Collected data:
--

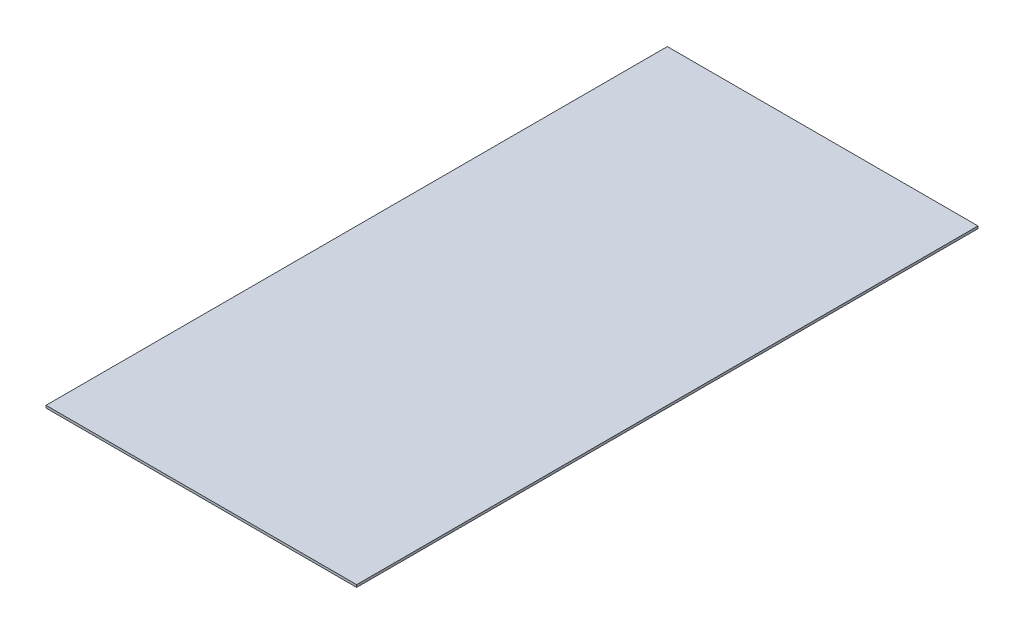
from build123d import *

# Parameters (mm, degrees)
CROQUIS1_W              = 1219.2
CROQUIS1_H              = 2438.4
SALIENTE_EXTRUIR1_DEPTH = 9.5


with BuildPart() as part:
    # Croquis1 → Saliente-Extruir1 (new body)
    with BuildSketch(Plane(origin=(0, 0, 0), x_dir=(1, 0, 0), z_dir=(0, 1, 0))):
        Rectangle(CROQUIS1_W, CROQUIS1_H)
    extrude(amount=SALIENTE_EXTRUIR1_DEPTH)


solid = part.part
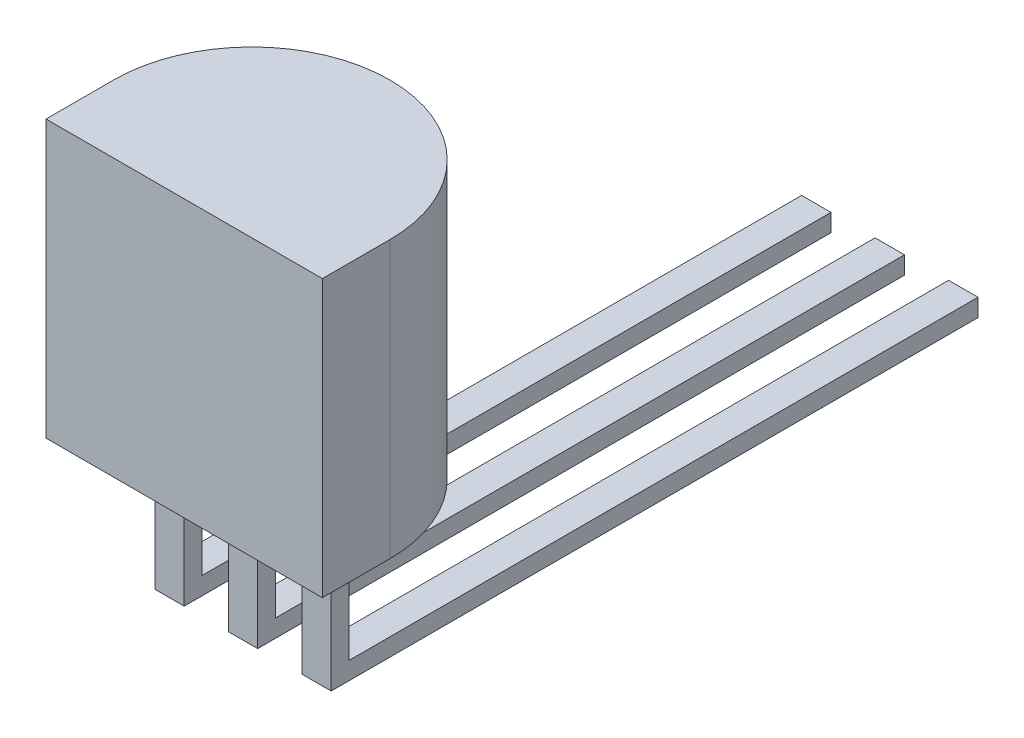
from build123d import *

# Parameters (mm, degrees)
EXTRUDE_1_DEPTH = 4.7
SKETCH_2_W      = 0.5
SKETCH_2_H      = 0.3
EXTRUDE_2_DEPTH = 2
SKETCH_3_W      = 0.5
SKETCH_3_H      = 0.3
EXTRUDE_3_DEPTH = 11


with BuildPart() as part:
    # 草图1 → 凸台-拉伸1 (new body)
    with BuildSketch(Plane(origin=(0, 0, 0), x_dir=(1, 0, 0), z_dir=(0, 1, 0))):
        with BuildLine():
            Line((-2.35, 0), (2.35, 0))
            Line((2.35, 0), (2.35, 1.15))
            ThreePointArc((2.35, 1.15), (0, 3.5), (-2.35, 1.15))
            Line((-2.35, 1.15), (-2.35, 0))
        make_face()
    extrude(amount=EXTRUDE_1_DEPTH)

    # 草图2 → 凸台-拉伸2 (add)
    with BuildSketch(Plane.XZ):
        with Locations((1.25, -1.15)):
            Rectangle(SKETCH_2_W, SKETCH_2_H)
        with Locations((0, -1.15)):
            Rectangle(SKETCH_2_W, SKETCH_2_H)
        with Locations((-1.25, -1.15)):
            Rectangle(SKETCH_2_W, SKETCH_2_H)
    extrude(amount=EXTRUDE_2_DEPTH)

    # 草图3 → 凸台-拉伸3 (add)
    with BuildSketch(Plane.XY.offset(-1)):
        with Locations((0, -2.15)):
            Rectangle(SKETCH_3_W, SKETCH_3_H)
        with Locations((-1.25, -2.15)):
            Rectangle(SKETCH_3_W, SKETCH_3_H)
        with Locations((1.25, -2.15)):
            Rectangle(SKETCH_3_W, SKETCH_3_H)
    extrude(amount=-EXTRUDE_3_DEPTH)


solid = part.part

--

YOUR GOAL: Once the pictures are set aside, repeat the data above exactly.

WRITTEN ANSWER:
from build123d import *

# Parameters (mm, degrees)
CROQUIS1_W              = 1219.2
CROQUIS1_H              = 2438.4
SALIENTE_EXTRUIR1_DEPTH = 9.5


with BuildPart() as part:
    # Croquis1 → Saliente-Extruir1 (new body)
    with BuildSketch(Plane(origin=(0, 0, 0), x_dir=(1, 0, 0), z_dir=(0, 1, 0))):
        Rectangle(CROQUIS1_W, CROQUIS1_H)
    extrude(amount=SALIENTE_EXTRUIR1_DEPTH)


solid = part.part
from build123d import *

# Parameters (mm, degrees)
EXTRUDE_1_DEPTH = 4.7
SKETCH_2_W      = 0.5
SKETCH_2_H      = 0.3
EXTRUDE_2_DEPTH = 2
SKETCH_3_W      = 0.5
SKETCH_3_H      = 0.3
EXTRUDE_3_DEPTH = 11


with BuildPart() as part:
    # 草图1 → 凸台-拉伸1 (new body)
    with BuildSketch(Plane(origin=(0, 0, 0), x_dir=(1, 0, 0), z_dir=(0, 1, 0))):
        with BuildLine():
            Line((-2.35, 0), (2.35, 0))
            Line((2.35, 0), (2.35, 1.15))
            ThreePointArc((2.35, 1.15), (0, 3.5), (-2.35, 1.15))
            Line((-2.35, 1.15), (-2.35, 0))
        make_face()
    extrude(amount=EXTRUDE_1_DEPTH)

    # 草图2 → 凸台-拉伸2 (add)
    with BuildSketch(Plane.XZ):
        with Locations((1.25, -1.15)):
            Rectangle(SKETCH_2_W, SKETCH_2_H)
        with Locations((0, -1.15)):
            Rectangle(SKETCH_2_W, SKETCH_2_H)
        with Locations((-1.25, -1.15)):
            Rectangle(SKETCH_2_W, SKETCH_2_H)
    extrude(amount=EXTRUDE_2_DEPTH)

    # 草图3 → 凸台-拉伸3 (add)
    with BuildSketch(Plane.XY.offset(-1)):
        with Locations((0, -2.15)):
            Rectangle(SKETCH_3_W, SKETCH_3_H)
        with Locations((-1.25, -2.15)):
            Rectangle(SKETCH_3_W, SKETCH_3_H)
        with Locations((1.25, -2.15)):
            Rectangle(SKETCH_3_W, SKETCH_3_H)
    extrude(amount=-EXTRUDE_3_DEPTH)


solid = part.part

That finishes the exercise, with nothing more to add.